The Need for Continuing Federal Judiciary Education Regarding the 2015 FRCP Amendments
Despite their overall effectiveness, there remains the difficulty of getting courts to properly apply the amended Rules. Nowhere is this phenomenon more apparent than in a multidistrict litigation involving price fixing in the pharmaceutical industry.
January 08, 2020 at 09:30 AM
7 minute read
The 2015 amendments to the Federal Rules of Civil Procedure (FRCP) have been heralded for their innovation and effectiveness in addressing discovery disputes. While far from perfect, the Rules changes—when applied—have generally helped counsel, clients, and the courts advance the tripartite mandate from FRCP 1 "to secure the just, speedy, and inexpensive determination" of litigation.
Despite their overall effectiveness, there remains the difficulty of getting courts to properly apply the amended Rules.

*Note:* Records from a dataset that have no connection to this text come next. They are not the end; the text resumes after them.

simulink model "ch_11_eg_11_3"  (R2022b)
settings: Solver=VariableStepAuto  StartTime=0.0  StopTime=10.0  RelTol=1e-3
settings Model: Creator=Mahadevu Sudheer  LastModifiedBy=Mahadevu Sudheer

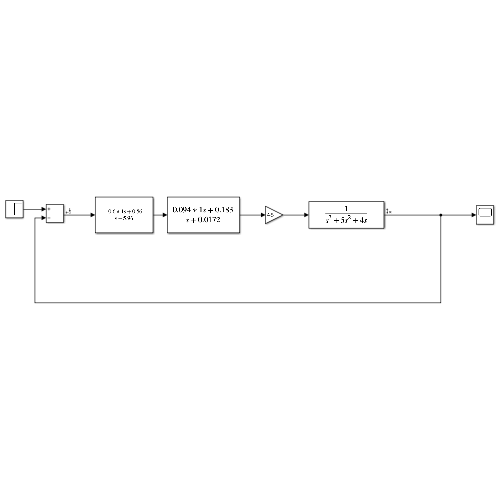
[thumbnail: Simulink's stored preview of the top-level diagram]
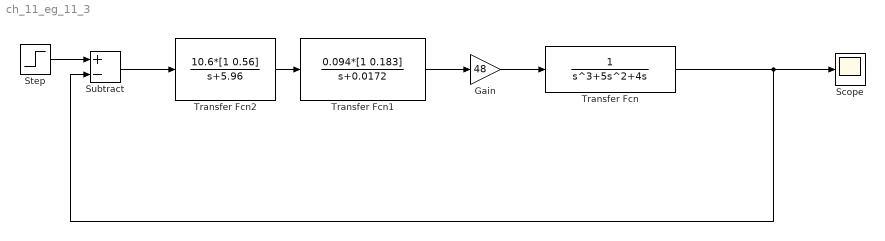
== system ch_11_eg_11_3 ==
  Gain : Gain  Gain=48
  Scope : Scope
  Step : Step  Time=0  SampleTime=0
  Subtract : Sum  Inputs=+-
  Transfer Fcn : TransferFcn  Denominator=[1 5 4 0]
  Transfer Fcn1 : TransferFcn  Numerator=0.094*[1 0.183]  Denominator=[1 0.0172]
  Transfer Fcn2 : TransferFcn  Numerator=10.6*[1 0.56]  Denominator=[1 5.96]
  wires:
  Gain/1 -> Transfer Fcn/1
  Step/1 -> Subtract/1
  Transfer Fcn/1 -> Subtract/2, Scope/1
  Transfer Fcn1/1 -> Gain/1
  Subtract/1 -> Transfer Fcn2/1
  Transfer Fcn2/1 -> Transfer Fcn1/1

In some instances, courts have not looked to the FRCP amendments for direction in governing the discovery process or otherwise resolving discovery disputes. Instead, courts have relied on abrogated provisions from the FRCP, outdated or inapposite case authority, or even gut calls to manage discovery issues. As U.S. District Judge David Campbell observed in In re Bard IVC Filters Prods. Liab. Litig. regarding this unfortunate trend: "Old habits die hard.
Nowhere is this phenomenon more apparent than in a multidistrict litigation involving price fixing in the pharmaceutical industry. In re Generic Pharms. Pricing Antitrust Litig. from the Eastern District of Pennsylvania represents a troubling failure by the federal judiciary to follow the current FRCP regime.
|The Case Management Order
In Generic Pharmaceuticals, the court issued a case management order (CMO) designed "to move the litigation forward." In an apparent effort to do so, the CMO delineates provisions that are strikingly overbroad and violate fundamental aspects of federal discovery procedure.
The first problematic provision from the CMO is a preservation mandate for "any and all communications in any potentially relevant custodial file." This expansive "any and all" requirement, coupled with an increase in the scope of discovery to "potentially relevant" materials," will likely necessitate the retention of any number of irrelevant communications including emails, chats, text messages, and the like. Such a provision runs counter to FRCP 37(e), which was designed to reduce such overly broad preservation burdens.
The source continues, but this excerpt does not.